Just to add another point: anything a President signs has to be prepared by someone, reviewed by someone else, re-reviewed, etc. For a very strange or unwise order, this process might take a while. For a no-doubt-about-it-batshit-crazy-we’re-hiding-all-the-sharp-objects-in-the-Oval-Office order, the process will almost certainly take much longer than the process of gathering the VP and Cabinet to start Amendment XXV proceedings. I suppose the Pres could write something in crayon on a napkin and sign it, but the more irregularities, the easier it will be for a court to find it invalid. In this particular case, a determined court might also decide that the President can only issue individual pardons, requiring specific names, thereby dragging the process to a halt.

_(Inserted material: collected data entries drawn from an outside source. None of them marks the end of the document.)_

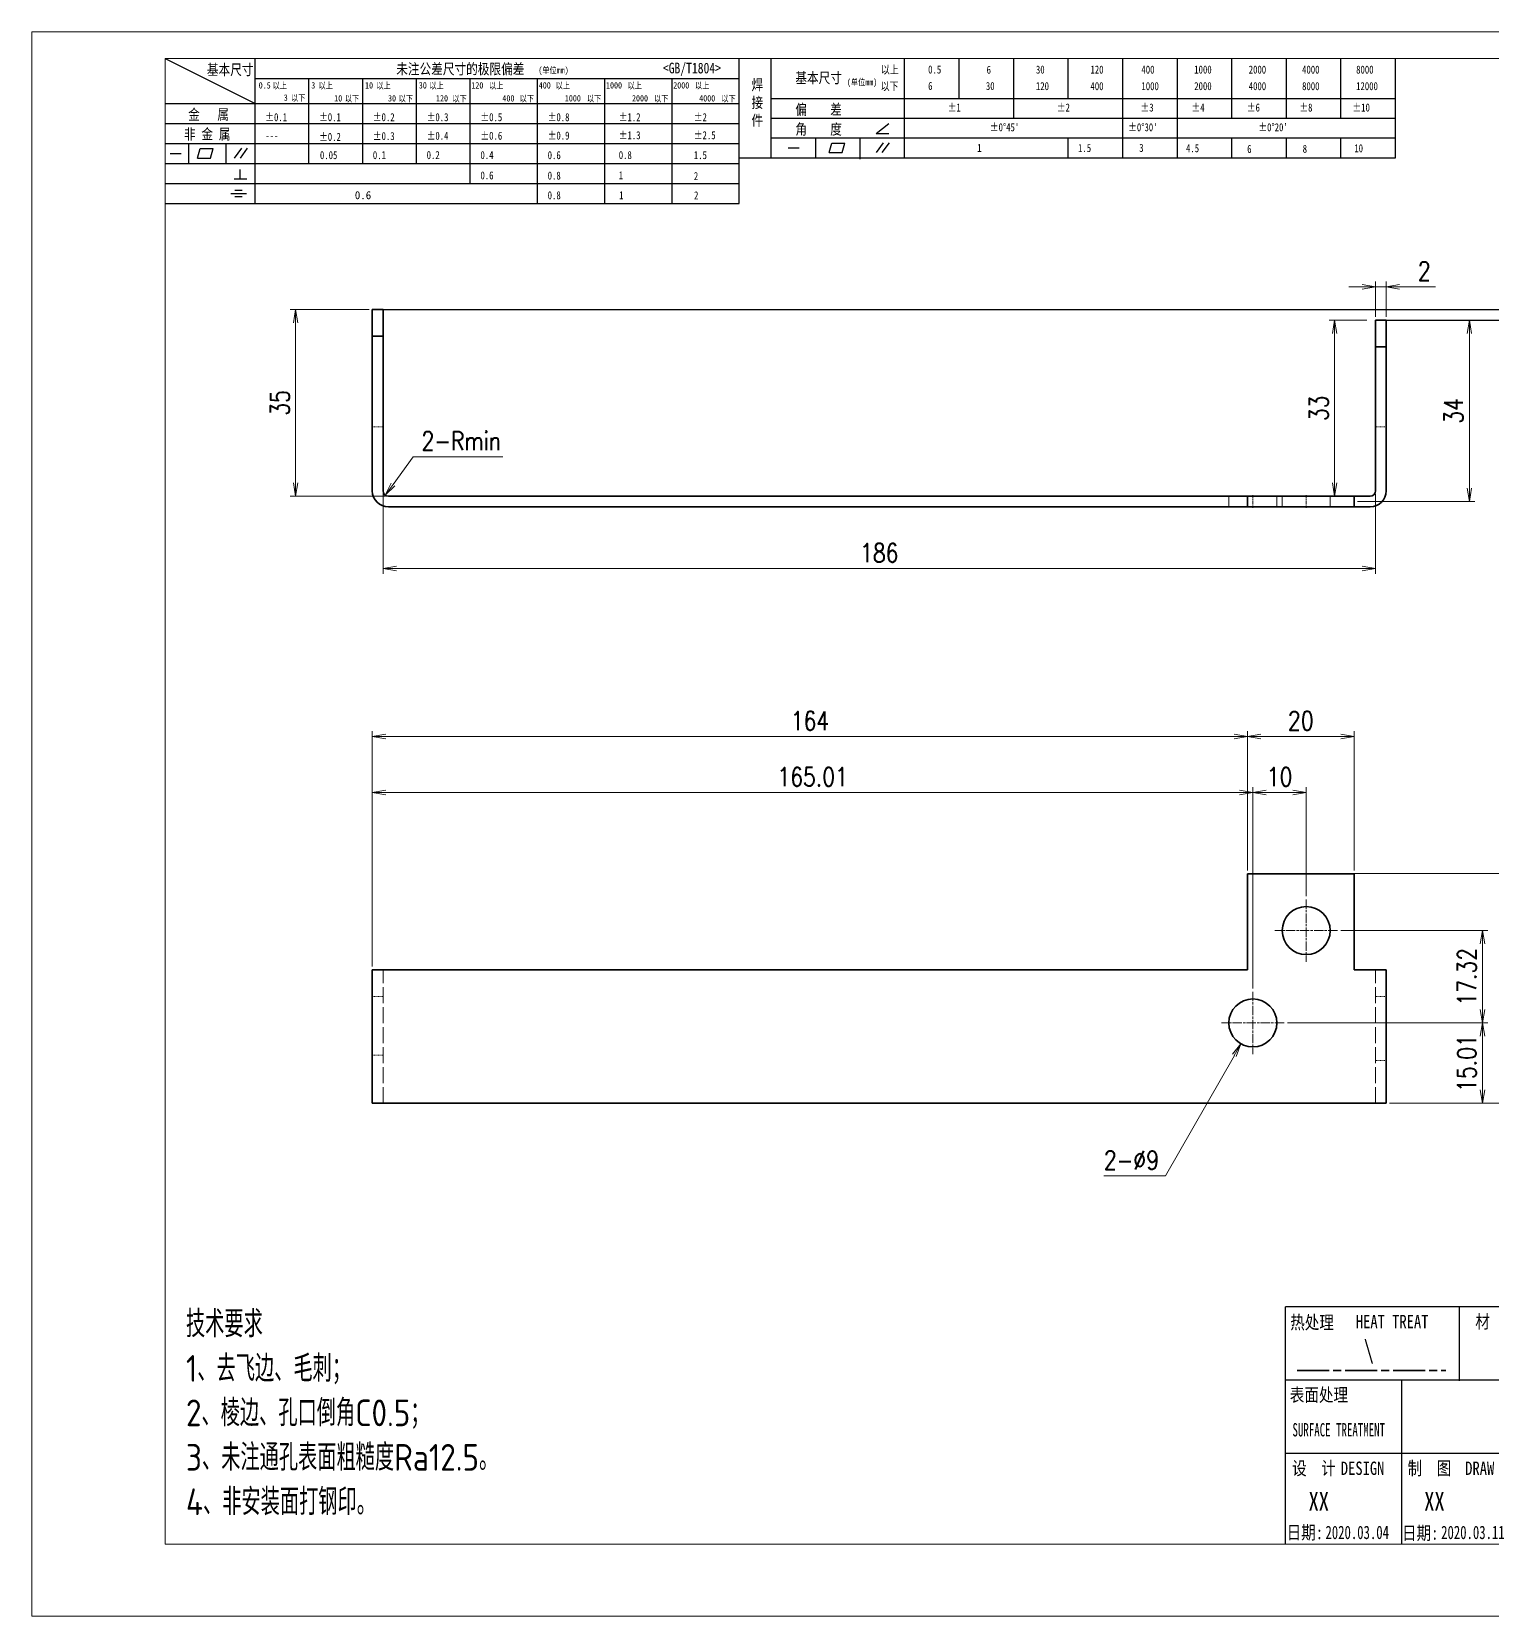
# Model space of a CAD drawing. Header units: inches. Extents: x 269 to 10986, y 1043 to 4337.
# Drawn here: x 1992.6 to 2266.3, y 1711.2 to 2008.2 of the extents above; entities that cross this region are included whole.
import ezdxf
from ezdxf.enums import TextEntityAlignment as Align

# ---------------------------------------------------------------- set-up
doc = ezdxf.new("R2010")
doc.units = ezdxf.units.IN
doc.header["$MEASUREMENT"] = 0
doc.linetypes.add('AM_ISO02W050x2', pattern=[3.75, 3, -0.75])
doc.linetypes.add('AM_ISO08W050x2', pattern=[9, 6, -0.75, 1.5, -0.75])
for name, color, linetype, lineweight in [('中心线', 2, 'AM_ISO08W050x2', 18), ('图框', 7, 'Continuous', 18), ('标注线', 3, 'Continuous', 18), ('热处理', 7, 'Continuous', 20), ('粗实线', 7, 'Continuous', 35), ('粗点划线', 6, 'AM_ISO08W050x2', 35), ('虚线', 1, 'AM_ISO02W050x2', 18)]:
    doc.layers.add(name, color=color, linetype=linetype, lineweight=lineweight)
doc.layers.add('图\\M+19E79\\M+195B6\\M+18E9A', color=7, linetype='Continuous')
doc.layers.add('打印', color=7, linetype='Continuous', lineweight=15, plot=False)
doc.layers.add('打印-禁用', color=7, linetype='Continuous', lineweight=15, plot=False)
doc.styles.add('DIM', font='romans.shx', dxfattribs={"width": 0.8, "bigfont": 'bigfont.shx'})
doc.styles.add('国标', font='simfang.ttf', dxfattribs={"width": 0.8})
doc.styles.add('机械长仿宋', font='gbenor.shx', dxfattribs={"height": 1, "bigfont": 'gbcbig.shx'})
doc.dimstyles.new('XR 1-1$0', dxfattribs={"dimtxt": 3.5, "dimasz": 2.5, "dimexe": 1, "dimexo": 0.625, "dimgap": 1.2, "dimtad": 1, "dimzin": 9, "dimdsep": 46, "dimtxsty": 'DIM', "dimblk": 'OPEN', "dimcen": 0, "dimclrd": 8, "dimclre": 8, "dimclrt": 2, "dimazin": 2, "dimtfac": 0.5, "dimtmove": 0, "dimatfit": 3, "dimldrblk": 'OPEN', "dimfxl": 0, "dimtolj": 2, "dimlwd": 18, "dimlwe": 18, "dimarcsym": 0})
doc.dimstyles.new('XR 1-1$3', dxfattribs={"dimtxt": 3.5, "dimasz": 2.5, "dimexe": 1, "dimexo": 0.625, "dimgap": 1.2, "dimtad": 1, "dimtoh": 1, "dimdsep": 46, "dimtxsty": 'DIM', "dimblk": 'OPEN', "dimcen": 0, "dimclrd": 8, "dimclre": 8, "dimclrt": 2, "dimazin": 2, "dimtfac": 0.5, "dimtofl": 0, "dimtmove": 0, "dimatfit": 3, "dimldrblk": 'OPEN', "dimfxl": 0, "dimtolj": 2, "dimlwd": 18, "dimlwe": 18, "dimarcsym": 0})
doc.dimstyles.new('XR 1-1$4', dxfattribs={"dimtxt": 3.5, "dimasz": 2.5, "dimexe": 1, "dimexo": 0.625, "dimgap": 1.2, "dimtad": 1, "dimtoh": 1, "dimdsep": 46, "dimtxsty": 'DIM', "dimblk": 'OPEN', "dimcen": 0, "dimclrd": 8, "dimclre": 8, "dimclrt": 2, "dimazin": 2, "dimtfac": 0.5, "dimtofl": 0, "dimtmove": 0, "dimatfit": 3, "dimldrblk": 'OPEN', "dimfxl": 0, "dimtolj": 2, "dimlwd": 18, "dimlwe": 18, "dimarcsym": 0})

# ---------------------------------------------------------------- blocks, each defined once
blk = doc.blocks.new('GZDEH零件A3图框V01版')
at = {"layer": '图\\M+19E79\\M+195B6\\M+18E9A', "color": 9}
for p, q in [((2882.49, -1554.46), (2899.37, -1562.92)), ((2899.37, -1581.67), (2899.37, -1554.46)), ((2990.09, -1581.67), (2990.09, -1554.46)), ((2996.09, -1573.08), (2996.09, -1554.46)), ((3021.09, -1561.98), (3021.09, -1554.46)), ((3031.31, -1561.98), (3031.31, -1554.46)), ((3041.53, -1561.98), (3041.53, -1554.46)), ((3051.75, -1561.98), (3051.75, -1554.46)), ((3061.98, -1561.98), (3061.98, -1554.46)), ((3072.2, -1561.98), (3072.2, -1554.46)), ((3082.42, -1561.98), (3082.42, -1554.46)), ((3092.64, -1561.98), (3092.64, -1554.46)), ((3102.86, -1561.98), (3102.86, -1554.46)), ((3113.09, -1573.08), (3113.09, -1554.46)), ((2899.37, -1558.24), (2990.09, -1558.24)), ((2909.45, -1574.17), (2909.45, -1558.24)), ((2919.53, -1574.17), (2919.53, -1558.24)), ((2929.61, -1574.17), (2929.61, -1558.24)), ((2939.69, -1577.92), (2939.69, -1558.24)), ((2952.29, -1581.67), (2952.29, -1558.24)), ((2964.89, -1581.67), (2964.89, -1558.24)), ((2977.49, -1581.67), (2977.49, -1558.24)), ((2996.09, -1561.98), (3113.09, -1561.98)), ((3021.09, -1573.08), (3021.09, -1561.98)), ((3041.53, -1565.68), (3041.53, -1561.98)), ((3061.98, -1573.08), (3061.98, -1561.98)), ((3072.2, -1573.08), (3072.2, -1561.98)), ((3082.42, -1565.68), (3082.42, -1561.98)), ((3092.64, -1565.68), (3092.64, -1561.98)), ((3102.86, -1565.68), (3102.86, -1561.98)), ((2882.49, -1562.92), (2990.09, -1562.92)), ((2882.49, -1566.67), (2990.09, -1566.67)), ((2996.09, -1565.68), (3113.09, -1565.68)), ((3015.75, -1568.51), (3018.15, -1566.66)), ((2882.49, -1570.42), (2990.09, -1570.42)), ((2886.92, -1574.12), (2886.92, -1570.42)), ((2893.91, -1574.12), (2893.91, -1570.42)), ((2996.09, -1569.38), (3113.09, -1569.38)), ((3004.42, -1573.08), (3004.42, -1569.38)), ((3006.97, -1572.12), (3007.45, -1570.33)), ((3007.45, -1570.33), (3009.86, -1570.33)), ((3009.39, -1572.12), (3009.86, -1570.33)), ((3012.75, -1573.08), (3012.75, -1569.38)), ((3015.75, -1568.51), (3018.15, -1568.51)), ((3015.81, -1572.12), (3017.15, -1570.26)), ((3016.89, -1572.12), (3018.23, -1570.26)), ((3051.75, -1573.08), (3051.75, -1569.38)), ((3082.42, -1573.08), (3082.42, -1569.48)), ((3092.64, -1573.08), (3092.64, -1569.38)), ((3102.86, -1573.08), (3102.86, -1569.38)), ((2883.43, -1572.27), (2885.49, -1572.27)), ((2888.59, -1573.16), (2889.07, -1571.37)), ((2888.59, -1573.16), (2891, -1573.16)), ((2889.07, -1571.37), (2891.48, -1571.37)), ((2891, -1573.16), (2891.48, -1571.37)), ((2895.52, -1573.16), (2896.85, -1571.3)), ((2896.6, -1573.16), (2897.94, -1571.3)), ((2990.09, -1573.08), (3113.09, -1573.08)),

Maybe, it wouldn’t be the first time the SCOTUS invented constitutional principles or legislated from the bench.
CoughBush v. GoreCough. I mean, this Conservative court invent specious reasoning to get the result they want? Why, that would be being an ‘activist judge’. Inconceivable!

In this particular case, a determined court might also decide that the President can only issue individual pardons, requiring specific names, thereby dragging the process to a halt.
Except we have a long tradition that pardons don’t require individual names, and that presidents can pardon groups. From the first ever pardon issued by a President of the United States:
. . . a full, free an entire pardon (excepting and providing as
hereinafter mentioned) is hereby granted to all persons residing within the
counties of Washington, Allegheny, Westmoreland and Fayette, in a state of
Pennsylvania, and in the County of Ohio in the state of Virginia, guilty of
treason or misprisoned of treason against the United States, or otherwise
directly or indirectly engaging in the wicked and unhappy tumults and
disturbances lately existing in these counties. . .
From Andrew Johnson’s pardon of Confederates:
. . .I, Andrew Johnson, President of the United States, do proclaim and declare that I hereby grant to all persons who have, directly or indirectly, participated in the existing rebellion, except as hereinafter excepted, amnesty and pardon, with restoration of all rights of property, except as to slaves, and except in cases where legal proceedings, under the laws of the United States providing for the confiscation of property of persons engaged in rebellion, have been instituted. . .
From Carter’s pardon of draft dodgers:
Acting pursuant to the grant of authority in Article II, Section 2, of the Constitution of the United States, I, Jimmy Carter, President of the United States, do hereby grant a full, complete and unconditional pardon to: (1) all persons who may have committed any offense between August 4, 1964 and March 28, 1973 in violation of the Military Selective Service Act or any rule or regulation promulgated thereunder; and (2) all persons heretofore convicted, irrespective of the date of conviction, of any offense committed between August 4, 1964 and March 28, 1973 in violation of the Military Selective Service Act, or any rule or regulation promulgated thereunder, restoring to them full political, civil and other rights. . . .

There’s no precedent for the present President, but, being bonkers, Obama’s Constitutional clout could quash qualms of the convicts’ confiners.
Never do that again. Just don’t. It made my nose bleed.
Oh, I beg your pardon.

There’s no precedent for the present President, but, being bonkers, Obama’s Constitutional clout could quash qualms of the convicts’ confiners.
No, no! Alliteration in these situations is corny… What?